Ask HN: I get headaches. What sensors can I get to collect data about them? - Ian999
Hi, I work in quant finance and spend a lot of time with data. I also get headaches 3-4 times a week. I would like to collect data on myself with various sensors. I know there are simple things like a fitbit to collect data but how can I discover what other data I can collect?
======
oblib
I used to get headaches too. I finally figured out it was three things that
would get me. Being dehydrated, exposure to perfumes, colognes and other
scented household stuff like cleaner solutions, and the 3rd was industrial and
household solvents like lacquer thinner and acetone (fingernail polish
remover).

It took me years to figure that out. Perfumes and scents are so pervasive
they're easy to ignore as a trigger for headaches but they get to me fast and
the headaches last a long time.

I avoid that stuff like poison now. I will leave the area if I detect it.

Getting outside and breathing fresh air always cured the headaches from
perfumes and solvents. It was the only thing that did get rid of them. Over
the counter meds did nothing for me.

I use an activated charcoal filter on my tap water now and that makes drinking
water a pleasure again. And I pay closer attention to not letting myself get
dehydrated. It's easy to tell, I just press a fingertip and if it leaves a
dent I need water even if I don't "feel" thirsty.

So, if these are what's causing your headaches you need to be proactive to
prevent them and to get rid of them, and a "fitbit" won't help much with
figuring out the cause.

------
vinchuco
Instead of logging data, I'd suggest debugging for root causes. Regardless of
approach, items:

Hydration. Eye-strain. Sleep. Exercise. Stress. Etc.
[https://en.wikipedia.org/wiki/Migraine#Cause](https://en.wikipedia.org/wiki/Migraine#Cause)

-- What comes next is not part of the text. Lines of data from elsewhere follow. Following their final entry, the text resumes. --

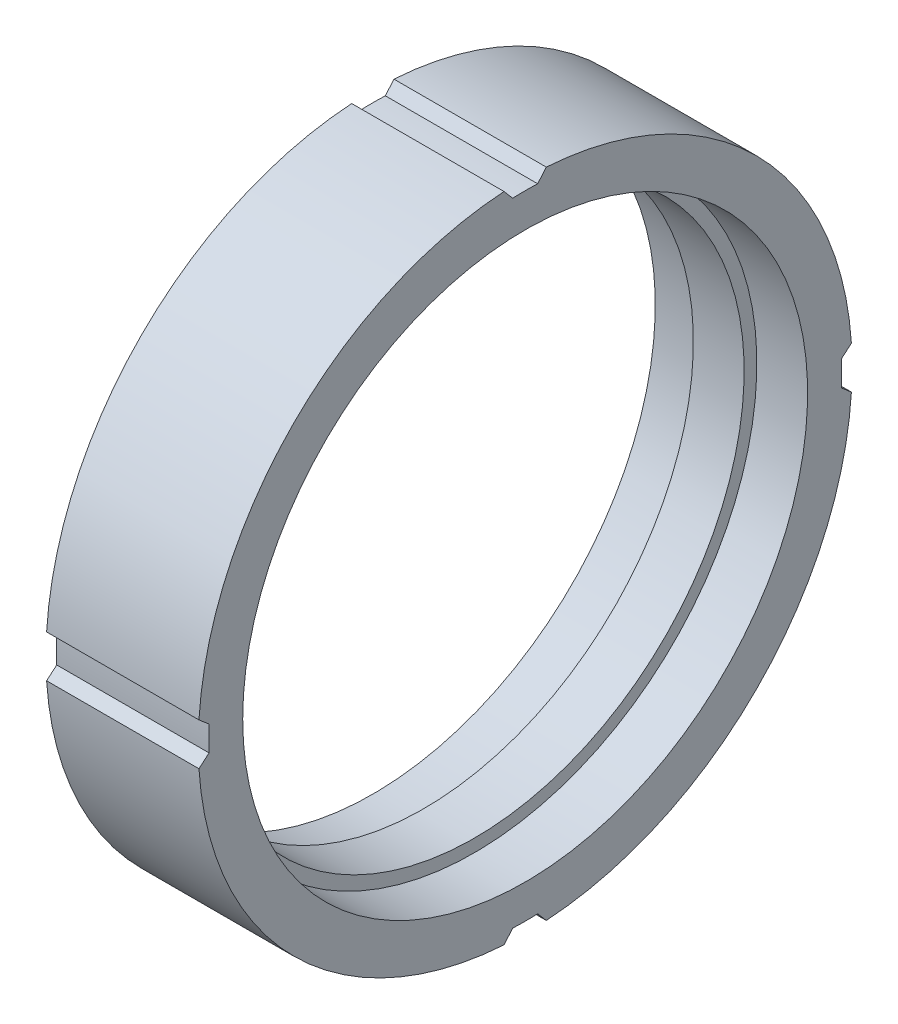
ISO-10303-21;
HEADER;
FILE_DESCRIPTION(('STEP AP214'),'2;1');
FILE_NAME('part.step','',(''),(''),'','','');
FILE_SCHEMA(('AUTOMOTIVE_DESIGN { 1 0 10303 214 1 1 1 1 }'));
ENDSEC;
DATA;
#1=APPLICATION_CONTEXT('core data for automotive mechanical design processes');
#2=APPLICATION_PROTOCOL_DEFINITION('international standard','automotive_design',2000,#1);
#3=PRODUCT_CONTEXT('',#1,'mechanical');
#4=PRODUCT('Part','Part','',(#3));
#5=PRODUCT_RELATED_PRODUCT_CATEGORY('part','',(#4));
#6=PRODUCT_DEFINITION_FORMATION('','',#4);
#7=PRODUCT_DEFINITION_CONTEXT('part definition',#1,'design');
#8=PRODUCT_DEFINITION('design','',#6,#7);
#9=PRODUCT_DEFINITION_SHAPE('','',#8);
#10=(LENGTH_UNIT() NAMED_UNIT(*) SI_UNIT(.MILLI.,.METRE.));
#11=(NAMED_UNIT(*) PLANE_ANGLE_UNIT() SI_UNIT($,.RADIAN.));
#12=(NAMED_UNIT(*) SI_UNIT($,.STERADIAN.) SOLID_ANGLE_UNIT());
#13=UNCERTAINTY_MEASURE_WITH_UNIT(LENGTH_MEASURE(1.E-05),#10,'distance_accuracy_value','');
#14=(GEOMETRIC_REPRESENTATION_CONTEXT(3) GLOBAL_UNCERTAINTY_ASSIGNED_CONTEXT((#13)) GLOBAL_UNIT_ASSIGNED_CONTEXT((#10,
#11,#12)) REPRESENTATION_CONTEXT('',''));
#15=CARTESIAN_POINT('',(0.,0.,0.));
#16=DIRECTION('',(0.,0.,1.));
#17=DIRECTION('',(1.,0.,0.));
#18=AXIS2_PLACEMENT_3D('',#15,#16,#17);
#19=CARTESIAN_POINT('',(-0.622453523883189,0.,0.));
#20=DIRECTION('',(-1.,0.,0.));
#21=DIRECTION('',(0.,0.,1.));
#22=AXIS2_PLACEMENT_3D('',#19,#20,#21);
#23=CYLINDRICAL_SURFACE('',#22,5.15);
#24=CARTESIAN_POINT('',(2.28301092664084,0.,0.));
#25=DIRECTION('',(-1.,0.,0.));
#26=DIRECTION('',(0.,0.,1.));
#27=AXIS2_PLACEMENT_3D('',#24,#25,#26);
#28=CIRCLE('',#27,5.15);
#29=CARTESIAN_POINT('',(2.28301092664084,5.13923066303694,-0.33287864470536));
#30=VERTEX_POINT('',#29);
#31=CARTESIAN_POINT('',(2.28301092664084,0.332878644705256,-5.13923066303696));
#32=VERTEX_POINT('',#31);
#33=EDGE_CURVE('E350',#30,#32,#28,.T.);
#34=ORIENTED_EDGE('',*,*,#33,.T.);
#35=DIRECTION('',(1.,0.,0.));
#36=VECTOR('',#35,1.);
#37=CARTESIAN_POINT('',(-0.116989073359164,0.332878644705256,-5.13923066303696));
#38=LINE('',#37,#36);
#39=CARTESIAN_POINT('',(-0.116989073359164,0.332878644705256,-5.13923066303696));
#40=VERTEX_POINT('',#39);
#41=EDGE_CURVE('E202',#40,#32,#38,.T.);
#42=ORIENTED_EDGE('',*,*,#41,.F.);
#43=CARTESIAN_POINT('',(-0.116989073359164,0.,0.));
#44=DIRECTION('',(-1.,0.,0.));
#45=DIRECTION('',(0.,0.,1.));
#46=AXIS2_PLACEMENT_3D('',#43,#44,#45);
#47=CIRCLE('',#46,5.15);
#48=CARTESIAN_POINT('',(-0.116989073359164,5.13923066303694,-0.33287864470536));
#49=VERTEX_POINT('',#48);
#50=EDGE_CURVE('E348',#49,#40,#47,.T.);
#51=ORIENTED_EDGE('',*,*,#50,.F.);
#52=DIRECTION('',(1.,0.,0.));
#53=VECTOR('',#52,1.);
#54=CARTESIAN_POINT('',(-0.116989073359164,5.13923066303694,-0.33287864470536));
#55=LINE('',#54,#53);
#56=EDGE_CURVE('E236',#49,#30,#55,.T.);
#57=ORIENTED_EDGE('',*,*,#56,.T.);
#58=EDGE_LOOP('',(#34,#42,#51,#57));
#59=FACE_BOUND('',#58,.T.);
#60=ADVANCED_FACE('F50',(#59),#23,.T.);
#61=CARTESIAN_POINT('',(2.28301092664084,0.332878644705326,5.13923066303695));
#62=VERTEX_POINT('',#61);
#63=CARTESIAN_POINT('',(2.28301092664084,5.13923066303695,0.33287864470527));
#64=VERTEX_POINT('',#63);
#65=EDGE_CURVE('E341',#62,#64,#28,.T.);
#66=ORIENTED_EDGE('',*,*,#65,.T.);
#67=DIRECTION('',(1.,0.,0.));
#68=VECTOR('',#67,1.);
#69=CARTESIAN_POINT('',(-0.116989073359164,5.13923066303695,0.33287864470527));
#70=LINE('',#69,#68);
#71=CARTESIAN_POINT('',(-0.116989073359164,5.13923066303695,0.33287864470527));
#72=VERTEX_POINT('',#71);
#73=EDGE_CURVE('E233',#72,#64,#70,.T.);
#74=ORIENTED_EDGE('',*,*,#73,.F.);
#75=CARTESIAN_POINT('',(-0.116989073359164,0.332878644705326,5.13923066303695));
#76=VERTEX_POINT('',#75);
#77=EDGE_CURVE('E59',#76,#72,#47,.T.);
#78=ORIENTED_EDGE('',*,*,#77,.F.);
#79=DIRECTION('',(1.,0.,0.));
#80=VECTOR('',#79,1.);
#81=CARTESIAN_POINT('',(-0.116989073359164,0.332878644705326,5.13923066303695));
#82=LINE('',#81,#80);
#83=EDGE_CURVE('E271',#76,#62,#82,.T.);
#84=ORIENTED_EDGE('',*,*,#83,.T.);
#85=EDGE_LOOP('',(#66,#74,#78,#84));
#86=FACE_BOUND('',#85,.T.);
#87=ADVANCED_FACE('F380',(#86),#23,.T.);
#88=CARTESIAN_POINT('',(2.28301092664084,-5.13923066303694,0.332878644705312));
#89=VERTEX_POINT('',#88);
#90=CARTESIAN_POINT('',(2.28301092664084,-0.332878644705284,5.13923066303693));
#91=VERTEX_POINT('',#90);
#92=EDGE_CURVE('E338',#89,#91,#28,.T.);
#93=ORIENTED_EDGE('',*,*,#92,.T.);
#94=DIRECTION('',(1.,0.,0.));
#95=VECTOR('',#94,1.);
#96=CARTESIAN_POINT('',(-0.116989073359164,-0.332878644705284,5.13923066303693));
#97=LINE('',#96,#95);
#98=CARTESIAN_POINT('',(-0.116989073359164,-0.332878644705284,5.13923066303693));
#99=VERTEX_POINT('',#98);
#100=EDGE_CURVE('E268',#99,#91,#97,.T.);
#101=ORIENTED_EDGE('',*,*,#100,.F.);
#102=CARTESIAN_POINT('',(-0.116989073359164,-5.13923066303694,0.332878644705312));
#103=VERTEX_POINT('',#102);
#104=EDGE_CURVE('E13',#103,#99,#47,.T.);
#105=ORIENTED_EDGE('',*,*,#104,.F.);
#106=DIRECTION('',(1.,0.,0.));
#107=VECTOR('',#106,1.);
#108=CARTESIAN_POINT('',(-0.116989073359164,-5.13923066303694,0.332878644705312));
#109=LINE('',#108,#107);
#110=EDGE_CURVE('E308',#103,#89,#109,.T.);
#111=ORIENTED_EDGE('',*,*,#110,.T.);
#112=EDGE_LOOP('',(#93,#101,#105,#111));
#113=FACE_BOUND('',#112,.T.);
#114=ADVANCED_FACE('F385',(#113),#23,.T.);
#115=CARTESIAN_POINT('',(-0.116989073359164,-4.45000000000002,0.));
#116=DIRECTION('',(1.,0.,0.));
#117=DIRECTION('',(0.,0.,-1.));
#118=AXIS2_PLACEMENT_3D('',#115,#116,#117);
#119=PLANE('',#118);
#120=CARTESIAN_POINT('',(-0.116989073359164,0.,0.));
#121=DIRECTION('',(-1.,0.,0.));
#122=DIRECTION('',(0.,0.,1.));
#123=AXIS2_PLACEMENT_3D('',#120,#121,#122);
#124=CIRCLE('',#123,4.45);
#125=CARTESIAN_POINT('',(-0.116989073359164,0.,4.45));
#126=VERTEX_POINT('',#125);
#127=EDGE_CURVE('E303',#126,#126,#124,.T.);
#128=ORIENTED_EDGE('',*,*,#127,.F.);
#129=EDGE_LOOP('',(#128));
#130=FACE_BOUND('',#129,.T.);
#131=ORIENTED_EDGE('',*,*,#50,.T.);
#132=DIRECTION('',(0.,-0.649237640155618,0.760585620824615));
#133=VECTOR('',#132,1.);
#134=CARTESIAN_POINT('',(-0.116989073359164,0.196837680860956,-4.97985789327843));
#135=LINE('',#134,#133);
#136=CARTESIAN_POINT('',(-0.116989073359164,0.196837680860956,-4.97985789327843));
#137=VERTEX_POINT('',#136);
#138=EDGE_CURVE('E173',#40,#137,#135,.T.);
#139=ORIENTED_EDGE('',*,*,#138,.T.);
#140=CARTESIAN_POINT('',(-0.116989073359164,0.,0.));
#141=DIRECTION('',(-1.,0.,0.));
#142=DIRECTION('',(0.,1.,0.));
#143=AXIS2_PLACEMENT_3D('',#140,#141,#142);
#144=CIRCLE('',#143,4.98374655353321);
#145=CARTESIAN_POINT('',(-0.116989073359164,-0.196837680861067,-4.97985789327841));
#146=VERTEX_POINT('',#145);
#147=EDGE_CURVE('E167',#137,#146,#144,.T.);
#148=ORIENTED_EDGE('',*,*,#147,.T.);
#149=DIRECTION('',(0.,-0.649237640155634,-0.760585620824602));
#150=VECTOR('',#149,1.);
#151=CARTESIAN_POINT('',(-0.116989073359164,-0.196837680861067,-4.97985789327841));
#152=LINE('',#151,#150);
#153=CARTESIAN_POINT('',(-0.116989073359164,-0.332878644705367,-5.13923066303694));
#154=VERTEX_POINT('',#153);
#155=EDGE_CURVE('E176',#146,#154,#152,.T.);
#156=ORIENTED_EDGE('',*,*,#155,.T.);
#157=CARTESIAN_POINT('',(-0.116989073359164,-5.13923066303694,-0.332878644705305));
#158=VERTEX_POINT('',#157);
#159=EDGE_CURVE('E60',#154,#158,#47,.T.);
#160=ORIENTED_EDGE('',*,*,#159,.T.);
#161=DIRECTION('',(0.,0.760585620824608,0.649237640155626));
#162=VECTOR('',#161,1.);
#163=CARTESIAN_POINT('',(-0.116989073359164,-4.97985789327842,-0.196837680861012));
#164=LINE('',#163,#162);
#165=CARTESIAN_POINT('',(-0.116989073359164,-4.97985789327842,-0.196837680861012));
#166=VERTEX_POINT('',#165);
#167=EDGE_CURVE('E287',#158,#166,#164,.T.);
#168=ORIENTED_EDGE('',*,*,#167,.T.);
#169=CARTESIAN_POINT('',(-0.116989073359164,0.,0.));
#170=DIRECTION('',(-1.,0.,0.));
#171=DIRECTION('',(0.,0.,-1.));
#172=AXIS2_PLACEMENT_3D('',#169,#170,#171);
#173=CIRCLE('',#172,4.98374655353321);
#174=CARTESIAN_POINT('',(-0.116989073359164,-4.97985789327843,0.196837680860998));
#175=VERTEX_POINT('',#174);
#176=EDGE_CURVE('E278',#166,#175,#173,.T.);
#177=ORIENTED_EDGE('',*,*,#176,.T.);
#178=DIRECTION('',(0.,-0.760585620824608,0.649237640155626));
#179=VECTOR('',#178,1.);
#180=CARTESIAN_POINT('',(-0.116989073359164,-4.97985789327843,0.196837680860998));
#181=LINE('',#180,#179);
#182=EDGE_CURVE('E282',#175,#103,#181,.T.);
#183=ORIENTED_EDGE('',*,*,#182,.T.);
#184=ORIENTED_EDGE('',*,*,#104,.T.);
#185=DIRECTION('',(0.,0.649237640155623,-0.76058562082461));
#186=VECTOR('',#185,1.);
#187=CARTESIAN_POINT('',(-0.116989073359164,-0.196837680860998,4.97985789327842));
#188=LINE('',#187,#186);
#189=CARTESIAN_POINT('',(-0.116989073359164,-0.196837680860998,4.97985789327842));
#190=VERTEX_POINT('',#189);
#191=EDGE_CURVE('E251',#99,#190,#188,.T.);
#192=ORIENTED_EDGE('',*,*,#191,.T.);
#193=CARTESIAN_POINT('',(-0.116989073359164,0.,0.));
#194=DIRECTION('',(-1.,0.,0.));
#195=DIRECTION('',(0.,-1.,0.));
#196=AXIS2_PLACEMENT_3D('',#193,#194,#195);
#197=CIRCLE('',#196,4.98374655353321);
#198=CARTESIAN_POINT('',(-0.116989073359164,0.196837680861039,4.97985789327842));
#199=VERTEX_POINT('',#198);
#200=EDGE_CURVE('E242',#190,#199,#197,.T.);
#201=ORIENTED_EDGE('',*,*,#200,.T.);
#202=DIRECTION('',(0.,0.649237640155629,0.760585620824606));
#203=VECTOR('',#202,1.);
#204=CARTESIAN_POINT('',(-0.116989073359164,0.196837680861039,4.97985789327842));
#205=LINE('',#204,#203);
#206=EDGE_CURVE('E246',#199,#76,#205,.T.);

Meta: we seem obsessed about data and we have standard techniques for
exploring relationships between them, but what is the equivalent source of
techniques for first-principle root-cause search? (In the more practical, not
the philosophical* sense)

* [https://plato.stanford.edu/entries/causation-metaphysics/](https://plato.stanford.edu/entries/causation-metaphysics/)

------
Broken_Hippo
I don't personally get headaches that often, but my mother and sister both do.
My mother gets cluster headaches - tension headaches plus migraines, normal
headaches, and sinus headaches on top of it. My sister gets migraines.
Extended family has also been plagued. I fully urge you to figure out the root
cause and seek medical help. I don't know if sensors will help with some
(most) of these.

I fully suggest keeping track of when you get headaches, including what you
were doing when you noticed it. Might keep track of daily activities as well.

The following are things that I know can trigger headaches. Obviously not all-
inclusive:

1\. Poor eyesight or other eye strain. Normal folks will get eye strain
reading too-small text or staring at a computer screen. 2\. Stress, anxiety,
or depression: The muscles tense up, causing headaches. Massages help my
mother, as do muscle relaxers and/or anti-anxiety medicine. 3\. Sinus problems
and/or allergies. 4\. Dental problems. 5\. Scents from various things or
chemicals 6\. Lack of sleep, sleep apnea, or other sleeping issues 7\. High
blood pressure (pharmacies and wal-marts often have machines to test, and I'd
test often for a few weeks) 8\. Food sensitivities 9\. Neck strain (posture or
medical). 10\. Dehydration (easy to check) 11\. Changes in weather. 12\.
Random viral or bacterial infections. 13\. Low vitamin D. I personally had
this happen, among other things. 14\. Smoking or living with a smoker 15\. Dry
nasal cavities. You can use a saline nasal spray for this. I recommend
disposables since they are sterile each time you open them (less chance of
mold, etc). 16. Hormones. This might be more for women, especially with PMS
and/or menopause. I'm not sure how it happens in men.

------
cryptoz
A lot of phones have a barometer in them. New iPhones do and most Androids do.
Log the data on a 1-minute interval, understand that the data is noisy and the
noise comes from moving elevation. Watch the graphs over 1-hour, 6-hours,
12-hour, 2-day timeframes. You'll see rises and peaks and you might note
headache timing with a peak or a trough. Migraines happen to a lot of people
and can be triggered by sudden changes in pressure. Not sure about your
headaches but it's a start.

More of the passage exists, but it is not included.